### Task description
Among the entries, find each line that includes the string "STBY" and list it.

### Dataset
┄┄┄┄┄┄┄┄┄┄

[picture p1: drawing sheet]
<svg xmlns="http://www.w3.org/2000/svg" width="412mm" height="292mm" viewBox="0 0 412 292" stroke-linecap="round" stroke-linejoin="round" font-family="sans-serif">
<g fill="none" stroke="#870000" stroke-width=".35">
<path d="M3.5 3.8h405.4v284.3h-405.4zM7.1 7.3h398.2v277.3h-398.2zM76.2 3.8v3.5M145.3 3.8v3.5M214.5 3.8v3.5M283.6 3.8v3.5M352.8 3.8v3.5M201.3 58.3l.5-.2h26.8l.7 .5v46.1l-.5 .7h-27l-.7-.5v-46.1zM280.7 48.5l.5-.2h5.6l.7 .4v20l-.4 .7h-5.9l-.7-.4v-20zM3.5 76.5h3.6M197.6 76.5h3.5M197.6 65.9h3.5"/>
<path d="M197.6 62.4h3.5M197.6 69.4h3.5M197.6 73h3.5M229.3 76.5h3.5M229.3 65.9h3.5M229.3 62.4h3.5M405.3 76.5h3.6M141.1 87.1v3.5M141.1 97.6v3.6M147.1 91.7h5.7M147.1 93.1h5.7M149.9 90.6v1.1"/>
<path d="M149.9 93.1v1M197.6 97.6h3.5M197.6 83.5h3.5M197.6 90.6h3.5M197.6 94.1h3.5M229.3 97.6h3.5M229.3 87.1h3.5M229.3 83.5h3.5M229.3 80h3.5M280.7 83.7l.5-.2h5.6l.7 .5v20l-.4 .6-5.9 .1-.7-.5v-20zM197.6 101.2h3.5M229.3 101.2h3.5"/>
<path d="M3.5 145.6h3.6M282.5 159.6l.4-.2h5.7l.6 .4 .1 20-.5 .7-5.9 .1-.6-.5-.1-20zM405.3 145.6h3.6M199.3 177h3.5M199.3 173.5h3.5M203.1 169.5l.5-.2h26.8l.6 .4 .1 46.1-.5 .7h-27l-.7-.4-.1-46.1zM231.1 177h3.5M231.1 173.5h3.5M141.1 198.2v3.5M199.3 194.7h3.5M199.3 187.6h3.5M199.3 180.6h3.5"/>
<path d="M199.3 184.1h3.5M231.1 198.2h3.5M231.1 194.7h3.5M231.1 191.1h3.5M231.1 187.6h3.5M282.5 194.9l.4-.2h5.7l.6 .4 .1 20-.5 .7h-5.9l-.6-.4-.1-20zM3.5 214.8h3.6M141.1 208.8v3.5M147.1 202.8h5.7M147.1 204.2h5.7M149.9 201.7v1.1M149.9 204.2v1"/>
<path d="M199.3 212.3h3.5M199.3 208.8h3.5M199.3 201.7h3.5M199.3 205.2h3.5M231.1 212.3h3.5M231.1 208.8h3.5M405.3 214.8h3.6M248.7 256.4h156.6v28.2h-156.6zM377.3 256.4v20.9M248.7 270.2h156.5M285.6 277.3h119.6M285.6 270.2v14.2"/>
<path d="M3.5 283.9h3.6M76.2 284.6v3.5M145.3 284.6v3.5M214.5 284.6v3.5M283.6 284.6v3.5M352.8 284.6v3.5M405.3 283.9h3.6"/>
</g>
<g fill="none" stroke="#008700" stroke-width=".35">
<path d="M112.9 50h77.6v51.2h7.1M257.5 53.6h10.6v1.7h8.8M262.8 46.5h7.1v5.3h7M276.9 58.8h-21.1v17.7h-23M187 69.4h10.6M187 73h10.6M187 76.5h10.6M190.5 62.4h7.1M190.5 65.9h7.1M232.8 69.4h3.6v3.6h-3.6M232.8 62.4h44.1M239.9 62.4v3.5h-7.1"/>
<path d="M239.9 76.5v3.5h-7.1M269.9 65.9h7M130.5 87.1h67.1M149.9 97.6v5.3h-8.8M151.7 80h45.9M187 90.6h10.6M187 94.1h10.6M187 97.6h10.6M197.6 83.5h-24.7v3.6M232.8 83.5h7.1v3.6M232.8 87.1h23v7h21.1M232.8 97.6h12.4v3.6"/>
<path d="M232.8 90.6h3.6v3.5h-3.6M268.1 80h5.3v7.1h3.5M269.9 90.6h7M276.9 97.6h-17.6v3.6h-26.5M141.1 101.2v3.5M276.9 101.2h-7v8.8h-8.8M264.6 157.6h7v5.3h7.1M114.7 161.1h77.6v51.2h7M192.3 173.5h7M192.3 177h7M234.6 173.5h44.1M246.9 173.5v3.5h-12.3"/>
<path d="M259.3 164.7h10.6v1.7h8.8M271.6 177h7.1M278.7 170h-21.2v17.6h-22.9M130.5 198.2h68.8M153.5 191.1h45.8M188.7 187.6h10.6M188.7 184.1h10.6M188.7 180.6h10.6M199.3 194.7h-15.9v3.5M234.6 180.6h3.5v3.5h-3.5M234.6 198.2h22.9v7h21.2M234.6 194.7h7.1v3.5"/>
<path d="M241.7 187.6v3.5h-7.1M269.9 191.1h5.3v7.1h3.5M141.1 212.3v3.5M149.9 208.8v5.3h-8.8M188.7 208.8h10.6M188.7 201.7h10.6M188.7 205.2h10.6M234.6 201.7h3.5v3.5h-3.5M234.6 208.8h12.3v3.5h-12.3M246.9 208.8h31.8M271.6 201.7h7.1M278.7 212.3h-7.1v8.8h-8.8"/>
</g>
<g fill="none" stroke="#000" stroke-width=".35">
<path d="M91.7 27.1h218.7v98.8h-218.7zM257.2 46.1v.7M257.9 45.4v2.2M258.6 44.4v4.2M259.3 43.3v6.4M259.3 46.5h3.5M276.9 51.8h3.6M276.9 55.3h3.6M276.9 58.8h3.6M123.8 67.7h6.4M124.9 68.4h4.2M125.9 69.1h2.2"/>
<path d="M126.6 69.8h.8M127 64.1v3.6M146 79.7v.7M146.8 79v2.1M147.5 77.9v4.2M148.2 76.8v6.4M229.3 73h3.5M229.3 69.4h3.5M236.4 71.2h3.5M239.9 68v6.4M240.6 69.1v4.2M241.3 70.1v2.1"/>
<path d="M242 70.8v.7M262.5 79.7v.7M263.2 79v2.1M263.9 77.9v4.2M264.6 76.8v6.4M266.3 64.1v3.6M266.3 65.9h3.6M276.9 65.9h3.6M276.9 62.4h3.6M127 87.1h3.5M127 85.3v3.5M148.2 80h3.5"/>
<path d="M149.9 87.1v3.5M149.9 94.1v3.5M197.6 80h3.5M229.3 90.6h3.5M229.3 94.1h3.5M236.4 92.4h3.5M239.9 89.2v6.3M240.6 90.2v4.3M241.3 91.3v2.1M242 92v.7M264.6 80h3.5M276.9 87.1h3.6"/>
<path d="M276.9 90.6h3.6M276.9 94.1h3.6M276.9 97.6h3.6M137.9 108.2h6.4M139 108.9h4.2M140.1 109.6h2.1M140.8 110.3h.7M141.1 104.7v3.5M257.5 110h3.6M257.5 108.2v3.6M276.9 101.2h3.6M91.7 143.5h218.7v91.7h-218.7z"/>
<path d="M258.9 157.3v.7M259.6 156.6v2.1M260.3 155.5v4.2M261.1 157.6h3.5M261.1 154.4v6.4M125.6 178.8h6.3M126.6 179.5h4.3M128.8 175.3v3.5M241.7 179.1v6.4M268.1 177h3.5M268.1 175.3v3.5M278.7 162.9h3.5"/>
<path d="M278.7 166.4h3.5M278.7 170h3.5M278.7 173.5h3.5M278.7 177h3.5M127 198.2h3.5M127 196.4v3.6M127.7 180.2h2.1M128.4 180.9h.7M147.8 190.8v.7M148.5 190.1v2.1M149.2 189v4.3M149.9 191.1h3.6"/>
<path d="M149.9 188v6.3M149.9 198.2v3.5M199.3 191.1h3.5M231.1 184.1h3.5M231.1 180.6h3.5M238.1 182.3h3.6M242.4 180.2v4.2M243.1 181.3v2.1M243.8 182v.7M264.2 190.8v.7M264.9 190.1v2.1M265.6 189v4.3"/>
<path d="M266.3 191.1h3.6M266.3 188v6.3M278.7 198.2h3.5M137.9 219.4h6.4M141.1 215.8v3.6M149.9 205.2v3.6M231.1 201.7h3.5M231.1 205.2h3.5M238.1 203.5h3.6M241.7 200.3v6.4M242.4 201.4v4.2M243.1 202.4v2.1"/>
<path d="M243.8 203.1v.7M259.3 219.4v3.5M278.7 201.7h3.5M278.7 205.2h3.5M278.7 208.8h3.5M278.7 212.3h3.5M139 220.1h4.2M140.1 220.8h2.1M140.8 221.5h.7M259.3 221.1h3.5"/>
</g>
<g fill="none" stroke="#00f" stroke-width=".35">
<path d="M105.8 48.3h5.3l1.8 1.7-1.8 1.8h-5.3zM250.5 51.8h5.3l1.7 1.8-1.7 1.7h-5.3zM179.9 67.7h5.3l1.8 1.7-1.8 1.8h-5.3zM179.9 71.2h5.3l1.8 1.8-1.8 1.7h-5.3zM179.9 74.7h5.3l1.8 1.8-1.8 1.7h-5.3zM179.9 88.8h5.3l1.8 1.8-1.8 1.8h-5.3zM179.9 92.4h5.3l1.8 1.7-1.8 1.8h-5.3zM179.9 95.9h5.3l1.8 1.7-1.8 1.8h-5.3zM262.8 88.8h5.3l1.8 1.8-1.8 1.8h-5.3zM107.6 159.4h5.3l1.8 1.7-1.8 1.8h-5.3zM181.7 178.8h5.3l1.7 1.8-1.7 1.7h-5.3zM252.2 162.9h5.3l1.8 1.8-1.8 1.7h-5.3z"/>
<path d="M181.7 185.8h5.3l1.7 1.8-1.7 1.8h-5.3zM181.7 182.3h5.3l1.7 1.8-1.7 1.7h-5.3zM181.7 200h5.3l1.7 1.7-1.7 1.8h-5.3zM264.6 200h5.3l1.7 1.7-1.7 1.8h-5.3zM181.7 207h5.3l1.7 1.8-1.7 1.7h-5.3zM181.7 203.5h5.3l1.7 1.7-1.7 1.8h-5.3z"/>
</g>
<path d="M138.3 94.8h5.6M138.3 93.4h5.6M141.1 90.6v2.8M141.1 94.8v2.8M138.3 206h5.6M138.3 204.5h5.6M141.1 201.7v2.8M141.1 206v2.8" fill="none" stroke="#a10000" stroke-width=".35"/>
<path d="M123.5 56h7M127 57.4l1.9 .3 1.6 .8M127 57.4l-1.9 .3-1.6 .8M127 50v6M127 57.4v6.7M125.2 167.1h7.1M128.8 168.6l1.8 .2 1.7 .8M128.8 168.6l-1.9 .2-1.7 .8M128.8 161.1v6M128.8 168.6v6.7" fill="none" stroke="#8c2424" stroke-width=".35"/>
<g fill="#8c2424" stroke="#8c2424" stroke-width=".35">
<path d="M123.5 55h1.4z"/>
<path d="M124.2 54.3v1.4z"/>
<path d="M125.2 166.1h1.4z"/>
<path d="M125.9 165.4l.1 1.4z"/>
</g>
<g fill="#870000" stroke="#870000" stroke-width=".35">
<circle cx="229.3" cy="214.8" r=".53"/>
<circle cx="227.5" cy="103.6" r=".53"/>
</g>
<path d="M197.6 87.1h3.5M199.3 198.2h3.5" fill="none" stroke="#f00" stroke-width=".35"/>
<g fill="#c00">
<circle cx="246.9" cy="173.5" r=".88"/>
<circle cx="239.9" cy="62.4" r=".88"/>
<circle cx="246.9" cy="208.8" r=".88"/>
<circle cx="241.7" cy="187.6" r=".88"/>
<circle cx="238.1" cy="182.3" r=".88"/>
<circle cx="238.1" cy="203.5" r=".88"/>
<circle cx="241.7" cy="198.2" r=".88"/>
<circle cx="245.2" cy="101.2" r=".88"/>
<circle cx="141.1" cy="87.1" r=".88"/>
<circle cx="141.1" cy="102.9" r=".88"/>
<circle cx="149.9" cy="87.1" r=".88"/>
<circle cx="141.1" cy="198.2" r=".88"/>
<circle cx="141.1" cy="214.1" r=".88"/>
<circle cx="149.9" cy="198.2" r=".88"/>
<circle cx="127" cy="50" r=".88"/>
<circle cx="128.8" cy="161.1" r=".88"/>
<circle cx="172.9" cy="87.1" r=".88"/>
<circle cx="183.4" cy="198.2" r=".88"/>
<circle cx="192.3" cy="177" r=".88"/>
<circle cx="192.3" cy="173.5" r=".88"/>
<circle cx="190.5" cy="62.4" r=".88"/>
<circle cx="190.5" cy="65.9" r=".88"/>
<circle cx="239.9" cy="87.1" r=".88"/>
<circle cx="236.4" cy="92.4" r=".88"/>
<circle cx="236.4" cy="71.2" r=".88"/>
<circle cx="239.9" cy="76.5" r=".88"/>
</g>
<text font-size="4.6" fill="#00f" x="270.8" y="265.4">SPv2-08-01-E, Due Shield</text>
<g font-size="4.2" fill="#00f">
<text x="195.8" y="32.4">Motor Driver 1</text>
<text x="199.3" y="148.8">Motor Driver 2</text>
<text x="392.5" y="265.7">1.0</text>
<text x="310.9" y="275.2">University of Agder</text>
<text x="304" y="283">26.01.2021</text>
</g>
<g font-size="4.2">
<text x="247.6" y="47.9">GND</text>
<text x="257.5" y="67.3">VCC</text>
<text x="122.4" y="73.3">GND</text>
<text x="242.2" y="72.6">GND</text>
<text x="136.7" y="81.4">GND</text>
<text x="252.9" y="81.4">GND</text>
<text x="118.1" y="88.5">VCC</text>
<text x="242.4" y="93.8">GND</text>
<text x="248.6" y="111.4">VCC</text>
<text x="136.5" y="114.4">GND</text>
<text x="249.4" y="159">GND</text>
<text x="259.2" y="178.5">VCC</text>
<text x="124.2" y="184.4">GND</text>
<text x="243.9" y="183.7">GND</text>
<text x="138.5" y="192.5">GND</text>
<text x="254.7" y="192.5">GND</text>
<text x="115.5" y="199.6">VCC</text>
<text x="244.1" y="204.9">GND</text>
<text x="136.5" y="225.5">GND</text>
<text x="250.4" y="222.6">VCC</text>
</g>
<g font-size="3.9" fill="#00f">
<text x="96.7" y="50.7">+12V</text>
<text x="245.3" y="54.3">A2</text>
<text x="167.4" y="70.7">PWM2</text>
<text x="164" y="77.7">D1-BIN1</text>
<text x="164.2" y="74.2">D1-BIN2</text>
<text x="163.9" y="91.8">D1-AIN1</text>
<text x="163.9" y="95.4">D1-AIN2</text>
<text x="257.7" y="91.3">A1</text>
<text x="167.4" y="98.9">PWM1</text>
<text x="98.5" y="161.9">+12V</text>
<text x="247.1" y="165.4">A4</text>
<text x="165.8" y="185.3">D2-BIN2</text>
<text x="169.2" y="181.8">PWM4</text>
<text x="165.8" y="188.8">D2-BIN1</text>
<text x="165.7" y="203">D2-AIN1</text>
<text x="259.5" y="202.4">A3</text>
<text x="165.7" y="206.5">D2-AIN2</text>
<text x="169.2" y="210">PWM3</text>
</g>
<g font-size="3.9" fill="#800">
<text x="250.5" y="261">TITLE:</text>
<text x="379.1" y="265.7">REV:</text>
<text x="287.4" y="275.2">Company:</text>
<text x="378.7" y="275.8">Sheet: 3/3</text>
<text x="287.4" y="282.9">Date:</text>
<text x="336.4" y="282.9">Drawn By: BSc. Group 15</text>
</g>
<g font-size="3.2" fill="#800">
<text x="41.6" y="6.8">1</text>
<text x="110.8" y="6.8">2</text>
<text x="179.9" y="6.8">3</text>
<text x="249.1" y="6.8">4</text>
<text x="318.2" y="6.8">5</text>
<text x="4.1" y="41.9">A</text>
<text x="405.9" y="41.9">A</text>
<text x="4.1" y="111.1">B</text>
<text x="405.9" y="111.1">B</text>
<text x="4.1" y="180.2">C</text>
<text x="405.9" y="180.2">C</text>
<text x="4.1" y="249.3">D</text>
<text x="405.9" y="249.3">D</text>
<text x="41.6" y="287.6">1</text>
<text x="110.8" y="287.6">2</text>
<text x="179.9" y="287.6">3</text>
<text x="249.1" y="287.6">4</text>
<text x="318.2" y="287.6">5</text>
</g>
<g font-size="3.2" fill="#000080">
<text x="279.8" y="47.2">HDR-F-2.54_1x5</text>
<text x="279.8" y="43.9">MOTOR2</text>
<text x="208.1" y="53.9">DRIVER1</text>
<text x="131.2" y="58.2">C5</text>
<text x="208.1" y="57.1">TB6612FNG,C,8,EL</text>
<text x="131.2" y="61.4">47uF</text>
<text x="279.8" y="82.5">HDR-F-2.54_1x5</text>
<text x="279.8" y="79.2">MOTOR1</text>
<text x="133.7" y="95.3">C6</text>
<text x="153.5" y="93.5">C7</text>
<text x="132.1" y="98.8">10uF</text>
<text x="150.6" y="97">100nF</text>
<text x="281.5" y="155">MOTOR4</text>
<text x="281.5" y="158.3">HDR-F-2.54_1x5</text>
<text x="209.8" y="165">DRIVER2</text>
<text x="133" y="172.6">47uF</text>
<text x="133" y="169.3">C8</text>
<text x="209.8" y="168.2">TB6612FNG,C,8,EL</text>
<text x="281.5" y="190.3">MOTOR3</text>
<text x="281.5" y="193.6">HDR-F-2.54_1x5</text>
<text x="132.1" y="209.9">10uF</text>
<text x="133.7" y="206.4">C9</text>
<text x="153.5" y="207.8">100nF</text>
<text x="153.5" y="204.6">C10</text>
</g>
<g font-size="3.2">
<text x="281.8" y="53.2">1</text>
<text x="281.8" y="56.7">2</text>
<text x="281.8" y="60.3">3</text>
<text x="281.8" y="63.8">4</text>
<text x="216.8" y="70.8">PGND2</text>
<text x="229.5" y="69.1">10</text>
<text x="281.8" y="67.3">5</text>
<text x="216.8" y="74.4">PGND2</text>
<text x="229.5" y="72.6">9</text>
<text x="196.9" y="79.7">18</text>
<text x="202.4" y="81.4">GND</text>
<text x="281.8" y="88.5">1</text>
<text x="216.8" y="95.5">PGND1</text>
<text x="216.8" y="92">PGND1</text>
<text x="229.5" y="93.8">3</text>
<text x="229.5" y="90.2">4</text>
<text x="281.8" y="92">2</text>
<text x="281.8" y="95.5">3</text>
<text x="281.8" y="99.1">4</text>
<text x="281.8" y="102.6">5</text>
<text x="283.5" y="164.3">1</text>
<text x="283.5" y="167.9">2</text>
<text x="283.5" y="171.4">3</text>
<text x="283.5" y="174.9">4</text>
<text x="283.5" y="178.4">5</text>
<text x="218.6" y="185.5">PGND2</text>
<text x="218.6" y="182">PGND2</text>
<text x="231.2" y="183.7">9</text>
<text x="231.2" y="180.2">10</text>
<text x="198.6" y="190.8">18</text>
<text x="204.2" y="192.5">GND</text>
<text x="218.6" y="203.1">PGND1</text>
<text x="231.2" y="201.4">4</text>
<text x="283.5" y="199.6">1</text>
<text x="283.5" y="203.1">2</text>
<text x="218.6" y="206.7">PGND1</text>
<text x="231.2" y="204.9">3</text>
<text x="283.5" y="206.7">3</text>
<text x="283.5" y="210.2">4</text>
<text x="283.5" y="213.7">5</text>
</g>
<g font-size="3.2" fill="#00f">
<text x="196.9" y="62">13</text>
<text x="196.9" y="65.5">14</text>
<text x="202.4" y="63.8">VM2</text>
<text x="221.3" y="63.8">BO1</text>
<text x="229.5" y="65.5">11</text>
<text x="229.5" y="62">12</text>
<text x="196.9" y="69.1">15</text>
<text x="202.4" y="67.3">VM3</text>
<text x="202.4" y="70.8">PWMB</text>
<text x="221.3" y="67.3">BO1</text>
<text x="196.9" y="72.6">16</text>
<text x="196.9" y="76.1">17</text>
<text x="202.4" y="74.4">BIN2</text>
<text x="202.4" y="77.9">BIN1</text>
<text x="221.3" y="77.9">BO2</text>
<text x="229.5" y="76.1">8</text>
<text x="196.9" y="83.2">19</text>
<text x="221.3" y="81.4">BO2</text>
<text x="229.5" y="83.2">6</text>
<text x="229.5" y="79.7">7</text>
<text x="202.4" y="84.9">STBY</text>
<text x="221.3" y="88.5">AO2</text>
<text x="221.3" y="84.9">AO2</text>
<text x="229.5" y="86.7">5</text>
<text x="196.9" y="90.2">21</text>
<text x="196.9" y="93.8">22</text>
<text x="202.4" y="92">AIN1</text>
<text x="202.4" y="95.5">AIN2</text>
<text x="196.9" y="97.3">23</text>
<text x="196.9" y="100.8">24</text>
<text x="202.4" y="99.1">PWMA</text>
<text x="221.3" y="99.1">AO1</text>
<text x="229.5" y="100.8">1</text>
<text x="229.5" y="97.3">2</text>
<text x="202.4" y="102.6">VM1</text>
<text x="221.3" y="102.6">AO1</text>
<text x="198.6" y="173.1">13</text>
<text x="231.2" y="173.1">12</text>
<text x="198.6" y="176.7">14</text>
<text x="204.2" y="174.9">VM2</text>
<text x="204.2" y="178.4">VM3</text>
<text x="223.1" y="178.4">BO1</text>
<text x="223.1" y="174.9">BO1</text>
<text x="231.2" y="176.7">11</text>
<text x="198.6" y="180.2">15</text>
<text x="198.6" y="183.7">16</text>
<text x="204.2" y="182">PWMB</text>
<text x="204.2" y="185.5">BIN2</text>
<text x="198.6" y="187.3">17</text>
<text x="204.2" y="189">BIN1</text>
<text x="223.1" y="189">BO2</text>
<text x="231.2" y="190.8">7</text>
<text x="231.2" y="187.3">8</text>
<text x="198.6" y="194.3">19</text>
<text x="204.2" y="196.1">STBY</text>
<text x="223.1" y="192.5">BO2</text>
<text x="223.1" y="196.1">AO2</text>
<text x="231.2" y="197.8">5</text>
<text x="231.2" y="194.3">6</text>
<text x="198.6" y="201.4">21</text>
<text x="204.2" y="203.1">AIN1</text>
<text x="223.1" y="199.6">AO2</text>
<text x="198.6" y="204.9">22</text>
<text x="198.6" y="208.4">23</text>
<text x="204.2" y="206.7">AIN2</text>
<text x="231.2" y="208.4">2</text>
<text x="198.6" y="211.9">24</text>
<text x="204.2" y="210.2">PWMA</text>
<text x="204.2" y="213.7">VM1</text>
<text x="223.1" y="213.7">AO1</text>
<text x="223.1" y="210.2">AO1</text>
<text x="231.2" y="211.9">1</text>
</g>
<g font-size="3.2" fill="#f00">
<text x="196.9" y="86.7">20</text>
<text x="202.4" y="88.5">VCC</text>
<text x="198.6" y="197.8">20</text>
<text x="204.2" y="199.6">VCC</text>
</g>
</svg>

┄┄┄┄┄┄┄┄┄┄

### Task response
<text x="202.4" y="84.9">STBY</text>
<text x="204.2" y="196.1">STBY</text>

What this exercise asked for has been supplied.